Sunday 25 August 2024

Hydroponics & Mating

I've moved the watercress we brought back from Pembrokeshire out of the bottom filter box as it was too constrained and moved it to a proof -of-concept hydroponics setup I cobbled together from a piece of guttering I got from B&Q for £8.

I placed the filter box outlet over one end of the guttering and put an end-stop on the other end. Without the end-stop there's a danger of everything being washed out of the guttering. A couple of small drill holes at the far end allows a continuous flow of water along the channel with most of it overflowing over the top of the guttering. The watercress sits in the Alfagrog I had in the bottom box. Naturally, the gutter had to be slanted in the right direction to prevent the water backing up, but not too much that it creates a kayaking slalom course.

In the photo below you can see the white guttering running from the filter box along the top of the gabion baskets. The pool liner runs behind the gabions so any overflow runs back into the pond.




The Alfagrog is all bunched up at one end, as I didn't have enough to fill the entire channel, but I can easily add more, or use gravel.

Rather leaky and make-shift, but it works. What I really need is to place the filter box at a height and have a cascade system in which I can place the growing media, which could be traditional hydroponics beads, or the Alfagrog I'm currently using. Both are extremely porous and will house colonies of beneficial bacteria to help clarify the pond.

Here's a video of a simple cascade system:

I've ordered 3 x 20ltr buckets with lids from a seller on e-Bay, along with 40 litres of clay pebbles. Should arrive some time this week. 

Each thing I do in the direction of clarifying the pond leads to another idea. Perhaps I should consider incorporating a kayaking slalom course and delay completion even further.....

The sheep's wool filter box is working better than expected and has a large algae capacity compared to the sponge filters, meaning the wool doesn't need to be wrung out anywhere near as often. The fine sponge filter needs wringing out some 2 or 3 times a day, whereas the wool needs changing no more than once a week.

Given how efficient my Heath Robinson affair is (I can see the bottom of the pond in the 2m deep end), I'm starting to have 2nd thoughts about using the huge filtration vats I inherited - they're overkill and more suited to a pond one may wish to keep crystal clear, which I don't.

The other day I spotted a couple of the kio engaging in mating behaviour and took a short video:

There is one large koi - the original, two slightly smaller ones which were added from my father-in-law's pond when he tired of looking after then, two even smaller ones which were probably hatched last year, 25-30 even smaller ones (including fully 5 black ones) hatched this spring and at least one really teeny one which must have hatched in the last month.
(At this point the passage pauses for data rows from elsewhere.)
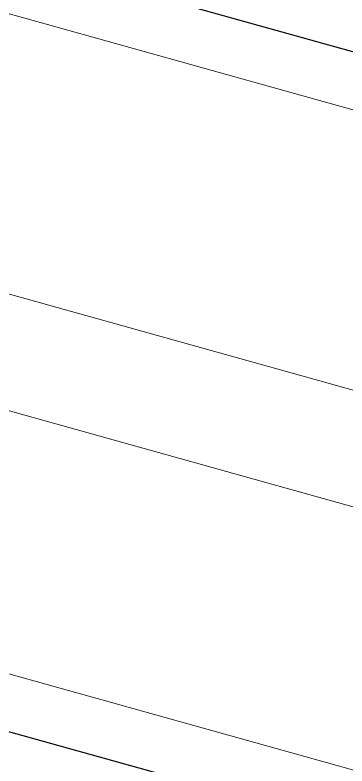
# Model space of a CAD drawing. Header units: millimetres. Extents: x 474016 to 477875, y 2288607 to 2292200.
# Drawn here: x 474615.4 to 474624.28, y 2289265.98 to 2289286.06 of the extents above; entities that cross this region are included whole.
import ezdxf

# ---------------------------------------------------------------- set-up
doc = ezdxf.new("R2010")
doc.units = ezdxf.units.MM
doc.header["$LTSCALE"] = 50
doc.layers.add('BANQUETA', color=251, linetype='Continuous', lineweight=5)
doc.layers.add('JARDINES', color=98, linetype='Continuous', lineweight=13)
doc.layers.add('CVL_LOTIF', color=1, linetype='Continuous')

msp = doc.modelspace()

# ---------------------------------------------------------------- linework, layer by layer
at = {"layer": 'BANQUETA'}
for points in [[(474677.569, 2289323.71), (474557.179, 2289357.346, 0.414214), (474554.715, 2289355.958), (474541.529, 2289308.765, 0.414214), (474542.918, 2289306.301), (474663.307, 2289272.665)], [(474658.733, 2289256.292), (474538.343, 2289289.928, 0.414214), (474535.879, 2289288.54), (474522.693, 2289241.347, 0.414214), (474524.081, 2289238.883), (474644.471, 2289205.247)]]:
    msp.add_lwpolyline(points, format="xyb", dxfattribs=at)
at = {"layer": 'CVL_LOTIF'}
for points in [[(474631.913, 2289308.951), (474622.282, 2289311.642), (474615.555, 2289287.564), (474625.186, 2289284.873)], [(474619.804, 2289265.611), (474610.173, 2289268.301), (474603.446, 2289244.224), (474613.077, 2289241.533)]]:
    msp.add_lwpolyline(points, close=True, dxfattribs=at)
at = {"layer": 'JARDINES'}
msp.add_lwpolyline([(474648.764, 2289269.229, -0.388075), (474647.957, 2289266.34), (474539.125, 2289296.747, -0.386646), (474539.932, 2289299.636)], format="xyb", close=True, dxfattribs=at)

doc.saveas('drawing.dxf')

One has a deformity of some description, as it's continually swimming upwards and the second it stops it drops to the bottom like a stone. Can't see that lasting much longer.

The video shows one of the two additions being chased by the one from last year - probably its own progeny (koi don't recognised familial relationships, which can cause inbreeding). The chasing and rubbing alongside is typical mating behaviour, triggered by pheromones, and continues until the female spawns. The male then fertilizes the eggs with his milt. The two other long-time residents don't seem at all interested. The eggs and newly hatched fry are very susceptible to being eaten by other koi, including their own parents.

He lost his prospective mate for a while and he reacted by momentarily chasing every fish in sight for a before finding her again and sticking to her.

With over 30 unsexed koi now resident, we're going to have to take more than half out and given them away. Here they are shoaling.


Unfortunately I found a minced fish in the filter two days in succession last week. I'm going to have to put some kind of cage over the inlet pipe to prevent that happening again. 


2 comments:

RannedomThoughts said...

What you need now is a predator: a beaver, an otter....who knows where it might end?

David Boffey said...

"Fearnley-Whittingstall has his eye on the grass Carp in his friend Anthony's ornamental lake. He persuades Anthony to let him catch one and prove it's edible."